# Installing Mass Air Flow Sensor



## Vapor (Jun 12, 2006)

I have a 2001 Maxima SE. SEL came on so I had it checked with my local repair shop. Told me P0171 code was present. He checked the Mass Air Flow Sensor and said it was at the end of it's life. Took the car home and purchased a new Mass Air Flow Sensor from (thepartsbin.com). I have not installed yet because I need some feedback from members here. The following warning came with the unit.

1. This airflow meter assembly must be replaced as a complete unit. Do not remove the element and transfer to the old body.

2. This unit requires special ECM reprogramming of the vehicle. 

3. Refer to TSB NTB01-036/ITB01-029 for the special ECM ID code that must be entered in the ASIST ECM data screen to download the correct data.

4. This data is not available through the regular MY / Model lookup.

5. Replace the air filter and clean all dust/dirt from the air cleaner box.

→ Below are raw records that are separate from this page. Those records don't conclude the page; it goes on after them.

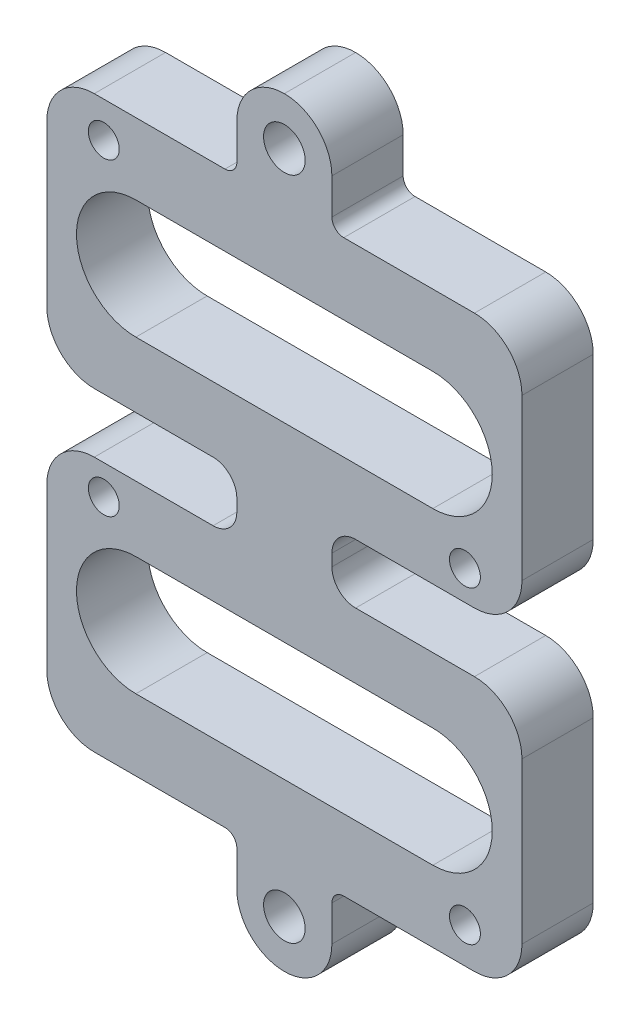
SolidWorks part; units mm, degrees
ref_plane "Top Plane" through (0, 0, 0) normal (0, 0, 1) x (1, 0, 0)
ref_plane "Right Plane" through (0, 0, 0) normal (0, 1, 0) x (1, 0, 0)
ref_plane "Front Plane" through (0, 0, 0) normal (1, 0, 0) x (0, 0, -1)
sketch "Sketch1" plane through (0, 0, 0) normal (0, 0, 1) x (1, 0, 0)
  line L0 (-20, 32) -> (20, -32) construction
  line L1 (-20, 32) -> (20, 32)
  line L2 (-20, 32) -> (-20, -32)
  line L3 (-20, -32) -> (20, -32)
  line L4 (20, 32) -> (20, -32)
  dimension "D1" = 40
  dimension "D2" = 64
extrude "Boss-Extrude1" add sketch "Sketch1" along normal mid plane 6
sketch "Sketch3" plane through (0, 0, 3) normal (0, 0, 1) x (1, 0, 0)
  line L0 (-15.2, 13) -> (15.2, 13) construction
  line L1 (-15.2, 21) -> (15.2, 21) construction
  line L2 (-15.2, 21) -> (-15.2, 5) construction
  line L3 (-15.2, 5) -> (15.2, 5) construction
  line L4 (15.2, 21) -> (15.2, 5) construction
  line L5 (0, 21) -> (0, 5) construction
  line L6 (-30.0979, 0) -> (31.9653, 0) construction
  line L7 (0, -21) -> (0, -5) construction
  line L8 (15.2, -21) -> (15.2, -5) construction
  line L9 (-15.2, -5) -> (15.2, -5) construction
  line L10 (-15.2, -21) -> (-15.2, -5) construction
  line L11 (-15.2, -21) -> (15.2, -21) construction
  line L12 (-15.2, -13) -> (15.2, -13) construction
  circle A0 centre (-15.2, 21) radius 1.3
  circle A1 centre (15.2, 21) radius 1.3 construction
  circle A2 centre (15.2, 5) radius 1.3
  circle A3 centre (-15.2, 5) radius 1.3 construction
  circle A4 centre (-15.2, -5) radius 1.3
  circle A5 centre (15.2, -5) radius 1.3 construction
  circle A6 centre (15.2, -21) radius 1.3
  circle A7 centre (-15.2, -21) radius 1.3 construction
  dimension "D3" = 2.6
  dimension "D1" = 16
  dimension "D2" = 30.4
  dimension "D4" = 10
extrude "Cut-Extrude2" cut sketch "Sketch3" against normal through all
sketch "Sketch4" plane through (0, 0, 3) normal (0, 0, 1) x (1, 0, 0)
  line L0 (-27.5916, 0) -> (32.0836, 0) construction
  circle A0 centre (0, -28) radius 1.75
  circle A1 centre (0, -28) radius 3 construction
  circle A2 centre (0, 28) radius 3 construction
  circle A3 centre (0, 28) radius 1.75
  point P9 (0, 0)
  dimension "D1" = 3.5
  dimension "D2" = 6
  dimension "D3" = 56
extrude "Cut-Extrude3" cut sketch "Sketch4" against normal through all
sketch "Sketch5" plane through (0, 0, 3) normal (0, 0, 1) x (1, 0, 0)
  line L0 (-20, 32) -> (-20, -32) construction
  line L1 (-20, -2.5) -> (-4, -2.5)
  line L2 (-20, -2.5) -> (-20, 2.5)
  line L3 (-20, 2.5) -> (-4, 2.5)
  line L4 (-4, -2.5) -> (-4, 2.5)
  line L5 (-23.6006, 0) -> (25.8311, 0) construction
  line L6 (0, -32) -> (0, 32) construction
  line L7 (-20, -32) -> (20, -32) construction
  line L8 (20, 32) -> (-20, 32) construction
  line L9 (4, -2.5) -> (4, 2.5)
  line L10 (20, 2.5) -> (4, 2.5)
  line L11 (20, -2.5) -> (20, 2.5)
  line L12 (20, -2.5) -> (4, -2.5)
  line L13 (4, -32) -> (4, -24)
  line L14 (-20, -32) -> (-4, -32)
  line L15 (-20, -32) -> (-20, -24)
  line L16 (-20, -24) -> (-4, -24)
  line L17 (-4, -32) -> (-4, -24)
  line L18 (20, -24) -> (4, -24)
  line L19 (20, -32) -> (20, -24)
  line L20 (20, -32) -> (4, -32)
  line L21 (20, 32) -> (4, 32)
  line L22 (20, 32) -> (20, 24)
  line L23 (20, 24) -> (4, 24)
  line L24 (-4, 32) -> (-4, 24)
  line L25 (-20, 24) -> (-4, 24)
  line L26 (-20, 32) -> (-20, 24)
  line L27 (-20, 32) -> (-4, 32)
  line L28 (4, 32) -> (4, 24)
  line L29 (12.5, -13) -> (-12.5, -13) construction
  line L30 (12.5, -18) -> (-12.5, -18)
  line L31 (12.5, -8) -> (-12.5, -8)
  line L32 (15.2, -21) -> (-15.2, -5) construction
  line L33 (12.5, 13) -> (-12.5, 13) construction
  line L34 (12.5, 18) -> (-12.5, 18)
  line L35 (12.5, 8) -> (-12.5, 8)
  arc A0 (12.5, -18) -> (12.5, -8) centre (12.5, -13) ccw
  arc A1 (-12.5, -8) -> (-12.5, -18) centre (-12.5, -13) ccw
  arc A2 (12.5, 18) -> (12.5, 8) centre (12.5, 13) cw
  arc A3 (-12.5, 8) -> (-12.5, 18) centre (-12.5, 13) cw
  point P9 (4, 0)
  point P10 (-4, 0)
  point P40 (0, -13)
  point P49 (0, 0)
  point P52 (0, 13)
  dimension "D6" = 5
  dimension "D1" = 5
  dimension "D2" = 8
  dimension "D3" = 8
  dimension "D4" = 8
  dimension "D5" = 25
extrude "Cut-Extrude4" cut sketch "Sketch5" against normal through all
fillet "Fillet1" radius 2 4 edges at (4, 2.5, 0) (4, -2.5, 0) (-4, 2.5, 0) (-4, -2.5, 0)
fillet "Fillet2" radius 4 12 edges at (4, -32, 0) (-4, -32, 0) (-4, 32, 0) (4, 32, 0) (20, 24, 0) (20, 2.5, 0) (-20, 24, 0) (-20, 2.5, 0) (-20, -24, 0) (-20, -2.5, 0) (20, -24, 0) (20, -2.5, 0)
fillet "Fillet3" radius 1 4 edges at (4, 24, 0) (-4, 24, 0) (-4, -24, 0) (4, -24, 0)
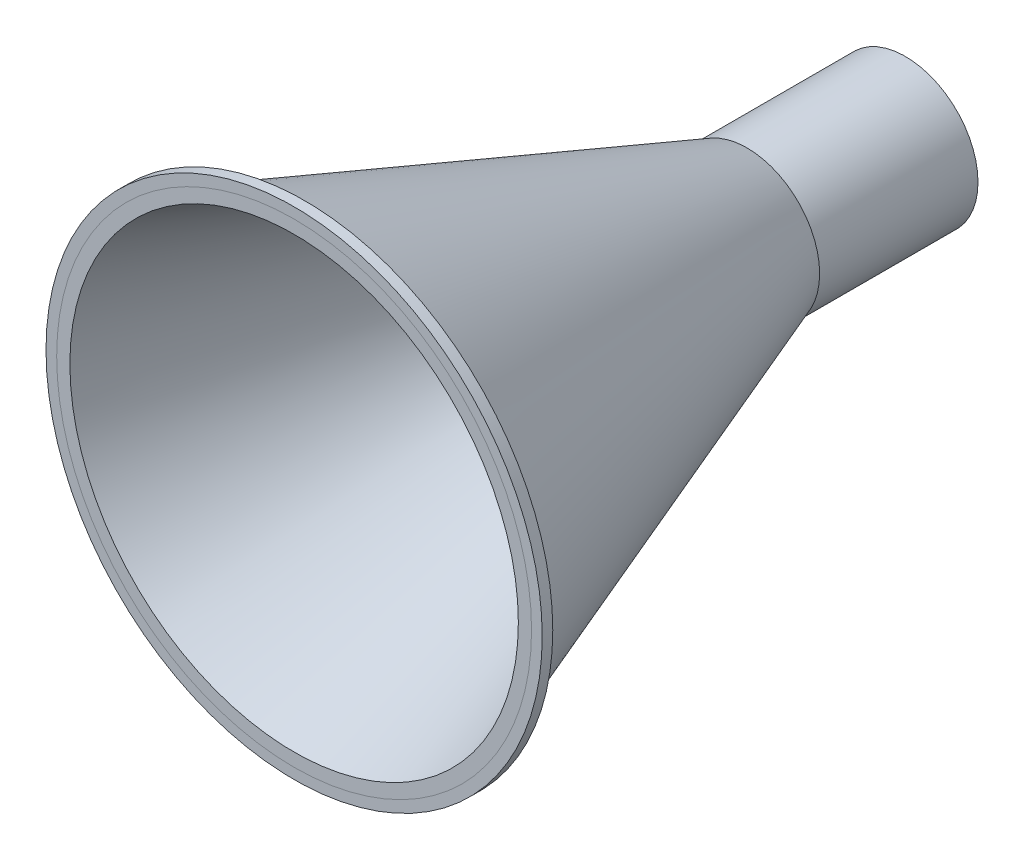
SolidWorks part; units mm, degrees
ref_plane "Front Plane" through (0, 0, 0) normal (0, 0, 1) x (1, 0, 0)
ref_plane "Top Plane" through (0, 0, 0) normal (0, 1, 0) x (1, 0, 0)
ref_plane "Right Plane" through (0, 0, 0) normal (1, 0, 0) x (0, 0, -1)
sketch "Sketch13" plane through (0, 0, 0) normal (0, 0, 1) x (1, 0, 0)
  circle A0 centre (0, 0) radius 17.4625
  dimension "D1" = 34.925
extrude "Boss-Extrude5" add sketch "Sketch13" along normal blind 108.966 draft 20 draft outward yes
sketch "Sketch14" plane through (0, 0, 0) normal (0, 0, -1) x (-1, 0, 0)
  circle A0 centre (0, 0) radius 14.2875
  dimension "D1" = 28.575
extrude "Cut-Extrude3" cut sketch "Sketch14" against normal blind 108.966 draft 20 draft outward yes
sketch "Sketch17" plane through (0, 0, 0) normal (0, 0, -1) x (-1, 0, 0)
  circle A0 centre (0, 0) radius 17.4625
  circle A1 centre (0, 0) radius 12.7
extrude "Boss-Extrude6" add sketch "Sketch17" along normal blind 38.1
chamfer "Chamfer2" distance 2.54 angle 45 1 edges at (-12.7, 0, -38.1)
thread "Thread1" pitch 2.1167 method cut profile "Thread Profile2" start angle 0, offset 0, length 25.4, pitch 2.1167, diameter 25.4
ref_plane "Plane6" through (12.7, 0, -35.56) normal (0, -1, 0) x (1, 0, 0)
sketch "Thread Profile2" plane through (12.7, 0, -35.56) normal (0, -1, 0) x (1, 0, 0)
  line L0 (0, 0) -> (0, 2.1167) construction
  line L1 (0, 0) -> (1.1457, 0.6615)
  line L2 (1.1457, 0.6615) -> (1.1457, 0.926)
  line L3 (1.1457, 0.926) -> (0, 1.5875)
  line L4 (1.1457, 0.7937) -> (0, 0.7937) construction
  line L11 (0, 0) -> (0, 1.5875)
  point P2 (0, 0)
  dimension "Pitch" = 2.1167
  dimension "Profile_Angle" = 60
  dimension "Profile_Land" = 0.2646
  dimension "Profile_Height" = 1.1457
sketch "Sketch26" plane through (0, 0, 108.966) normal (0, 0, 1) x (1, 0, 0)
  circle A0 centre (0, 0) radius 59.69
  circle A1 centre (0, 0) radius 57.1229
  dimension "D1" = 119.38
extrude "Boss-Extrude7" add sketch "Sketch26" against normal blind 2.54 separate body

Steps 1 and 5 are no problem.
Steps 2,3 & 4 are above my ability. Do not have the equipment. Are these steps absolutely required to complete the job?


----------



## Puppetmaster (Mar 28, 2005)

FYI possible causes for a P0171 are:

Intake air leaks
Heated oxygen sensor 1 (front)
Injectors
Exhaust gas leaks
Incorrect fuel pressure
Lack of fuel
Mass air flow sensor

How did the shop determine the MAF was at fault? Can you rev over 2400 rpms and is there a severe power loss? 

Anyways, with regards to steps 2-4, they are not necessary. The car will run fine without performing those steps.


----------